*** Begin section ***
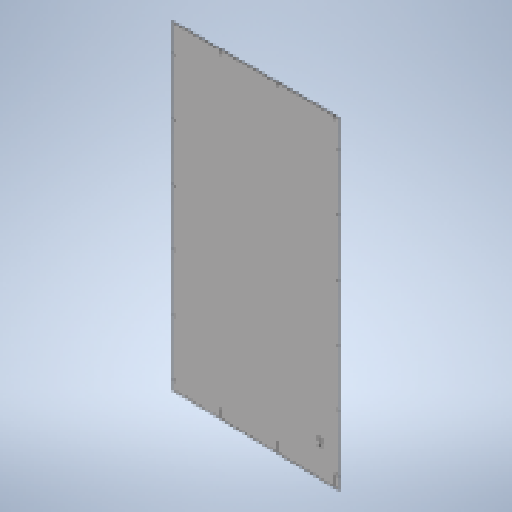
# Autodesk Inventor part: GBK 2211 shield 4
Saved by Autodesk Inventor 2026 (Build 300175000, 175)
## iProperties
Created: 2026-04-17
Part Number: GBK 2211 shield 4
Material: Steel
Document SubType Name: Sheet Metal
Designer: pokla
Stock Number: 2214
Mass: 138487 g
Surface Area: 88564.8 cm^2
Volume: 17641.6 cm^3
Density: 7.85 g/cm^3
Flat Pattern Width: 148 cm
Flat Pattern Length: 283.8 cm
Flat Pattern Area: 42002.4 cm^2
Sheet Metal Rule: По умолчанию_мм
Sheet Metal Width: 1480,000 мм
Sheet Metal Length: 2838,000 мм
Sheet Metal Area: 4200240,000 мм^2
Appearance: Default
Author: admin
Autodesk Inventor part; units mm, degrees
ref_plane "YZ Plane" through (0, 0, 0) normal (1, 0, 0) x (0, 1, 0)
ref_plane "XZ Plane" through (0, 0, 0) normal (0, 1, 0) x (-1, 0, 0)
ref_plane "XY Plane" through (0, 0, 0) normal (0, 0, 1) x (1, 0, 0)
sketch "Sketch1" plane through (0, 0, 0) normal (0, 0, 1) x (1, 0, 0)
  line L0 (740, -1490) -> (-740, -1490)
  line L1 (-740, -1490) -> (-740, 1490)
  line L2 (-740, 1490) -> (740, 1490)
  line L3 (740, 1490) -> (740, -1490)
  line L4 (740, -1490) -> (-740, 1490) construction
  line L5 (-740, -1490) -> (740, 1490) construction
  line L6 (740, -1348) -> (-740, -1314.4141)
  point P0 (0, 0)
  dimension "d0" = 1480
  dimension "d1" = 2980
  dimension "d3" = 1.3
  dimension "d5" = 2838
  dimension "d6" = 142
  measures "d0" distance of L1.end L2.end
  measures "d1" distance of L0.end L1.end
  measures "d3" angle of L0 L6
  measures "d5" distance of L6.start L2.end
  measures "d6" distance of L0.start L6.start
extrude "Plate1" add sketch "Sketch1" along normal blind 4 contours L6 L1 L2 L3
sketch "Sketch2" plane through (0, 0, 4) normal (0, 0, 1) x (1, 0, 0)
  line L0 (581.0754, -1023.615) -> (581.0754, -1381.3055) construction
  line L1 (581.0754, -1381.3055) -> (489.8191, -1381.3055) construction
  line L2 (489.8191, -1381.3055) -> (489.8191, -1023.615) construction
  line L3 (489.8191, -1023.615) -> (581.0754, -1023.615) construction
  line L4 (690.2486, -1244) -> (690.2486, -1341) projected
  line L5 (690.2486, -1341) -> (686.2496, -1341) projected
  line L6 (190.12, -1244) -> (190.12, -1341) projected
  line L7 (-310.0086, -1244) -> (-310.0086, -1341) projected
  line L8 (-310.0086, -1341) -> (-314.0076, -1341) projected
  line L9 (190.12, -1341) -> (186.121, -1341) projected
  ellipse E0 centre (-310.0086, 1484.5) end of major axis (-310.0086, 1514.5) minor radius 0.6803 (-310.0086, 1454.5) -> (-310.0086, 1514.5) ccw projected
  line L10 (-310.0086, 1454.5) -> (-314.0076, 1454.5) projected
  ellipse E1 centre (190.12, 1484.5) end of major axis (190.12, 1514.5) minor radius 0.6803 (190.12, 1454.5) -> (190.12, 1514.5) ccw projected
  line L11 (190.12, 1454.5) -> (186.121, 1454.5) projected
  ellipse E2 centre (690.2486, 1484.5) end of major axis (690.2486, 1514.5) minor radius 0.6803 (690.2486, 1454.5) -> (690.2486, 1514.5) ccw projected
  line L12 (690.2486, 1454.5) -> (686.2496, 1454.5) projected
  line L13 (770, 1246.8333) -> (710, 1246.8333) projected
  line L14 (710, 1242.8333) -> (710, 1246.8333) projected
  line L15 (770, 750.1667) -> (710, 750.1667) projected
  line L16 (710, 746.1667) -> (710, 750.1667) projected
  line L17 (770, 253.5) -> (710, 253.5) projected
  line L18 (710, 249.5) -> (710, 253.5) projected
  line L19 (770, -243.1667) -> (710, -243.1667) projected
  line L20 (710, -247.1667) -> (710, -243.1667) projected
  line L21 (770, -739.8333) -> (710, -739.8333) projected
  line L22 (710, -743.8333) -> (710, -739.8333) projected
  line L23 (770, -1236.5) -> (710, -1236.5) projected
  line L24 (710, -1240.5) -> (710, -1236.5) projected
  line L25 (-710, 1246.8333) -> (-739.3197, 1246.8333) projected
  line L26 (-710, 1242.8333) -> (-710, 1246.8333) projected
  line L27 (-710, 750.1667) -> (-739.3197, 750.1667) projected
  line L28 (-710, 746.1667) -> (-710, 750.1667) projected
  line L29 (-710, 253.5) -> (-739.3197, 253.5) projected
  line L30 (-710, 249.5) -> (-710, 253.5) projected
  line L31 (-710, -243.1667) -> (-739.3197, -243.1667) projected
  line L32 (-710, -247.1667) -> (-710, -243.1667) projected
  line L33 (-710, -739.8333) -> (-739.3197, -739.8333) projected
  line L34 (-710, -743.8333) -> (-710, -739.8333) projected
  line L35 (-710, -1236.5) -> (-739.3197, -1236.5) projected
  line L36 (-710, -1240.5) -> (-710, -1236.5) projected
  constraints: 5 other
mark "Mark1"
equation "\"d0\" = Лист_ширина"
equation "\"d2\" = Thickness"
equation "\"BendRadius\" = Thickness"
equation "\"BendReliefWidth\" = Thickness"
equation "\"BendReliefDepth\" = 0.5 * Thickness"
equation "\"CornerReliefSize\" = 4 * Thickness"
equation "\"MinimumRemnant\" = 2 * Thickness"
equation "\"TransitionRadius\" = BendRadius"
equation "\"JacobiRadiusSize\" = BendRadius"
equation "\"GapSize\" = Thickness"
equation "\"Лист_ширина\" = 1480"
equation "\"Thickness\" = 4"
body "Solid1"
*** End section ***
Required work: The answer must consist solely of the lines from the first line of the data through the line containing "line L0 (740, -1490) -> (-740, -1490)", inclusive, reproduced exactly and without pictures.

Expected answer:
# Autodesk Inventor part: GBK 2211 shield 4
Saved by Autodesk Inventor 2026 (Build 300175000, 175)
## iProperties
Created: 2026-04-17
Part Number: GBK 2211 shield 4
Material: Steel
Document SubType Name: Sheet Metal
Designer: pokla
Stock Number: 2214
Mass: 138487 g
Surface Area: 88564.8 cm^2
Volume: 17641.6 cm^3
Density: 7.85 g/cm^3
Flat Pattern Width: 148 cm
Flat Pattern Length: 283.8 cm
Flat Pattern Area: 42002.4 cm^2
Sheet Metal Rule: По умолчанию_мм
Sheet Metal Width: 1480,000 мм
Sheet Metal Length: 2838,000 мм
Sheet Metal Area: 4200240,000 мм^2
Appearance: Default
Author: admin
Autodesk Inventor part; units mm, degrees
ref_plane "YZ Plane" through (0, 0, 0) normal (1, 0, 0) x (0, 1, 0)
ref_plane "XZ Plane" through (0, 0, 0) normal (0, 1, 0) x (-1, 0, 0)
ref_plane "XY Plane" through (0, 0, 0) normal (0, 0, 1) x (1, 0, 0)
sketch "Sketch1" plane through (0, 0, 0) normal (0, 0, 1) x (1, 0, 0)
  line L0 (740, -1490) -> (-740, -1490)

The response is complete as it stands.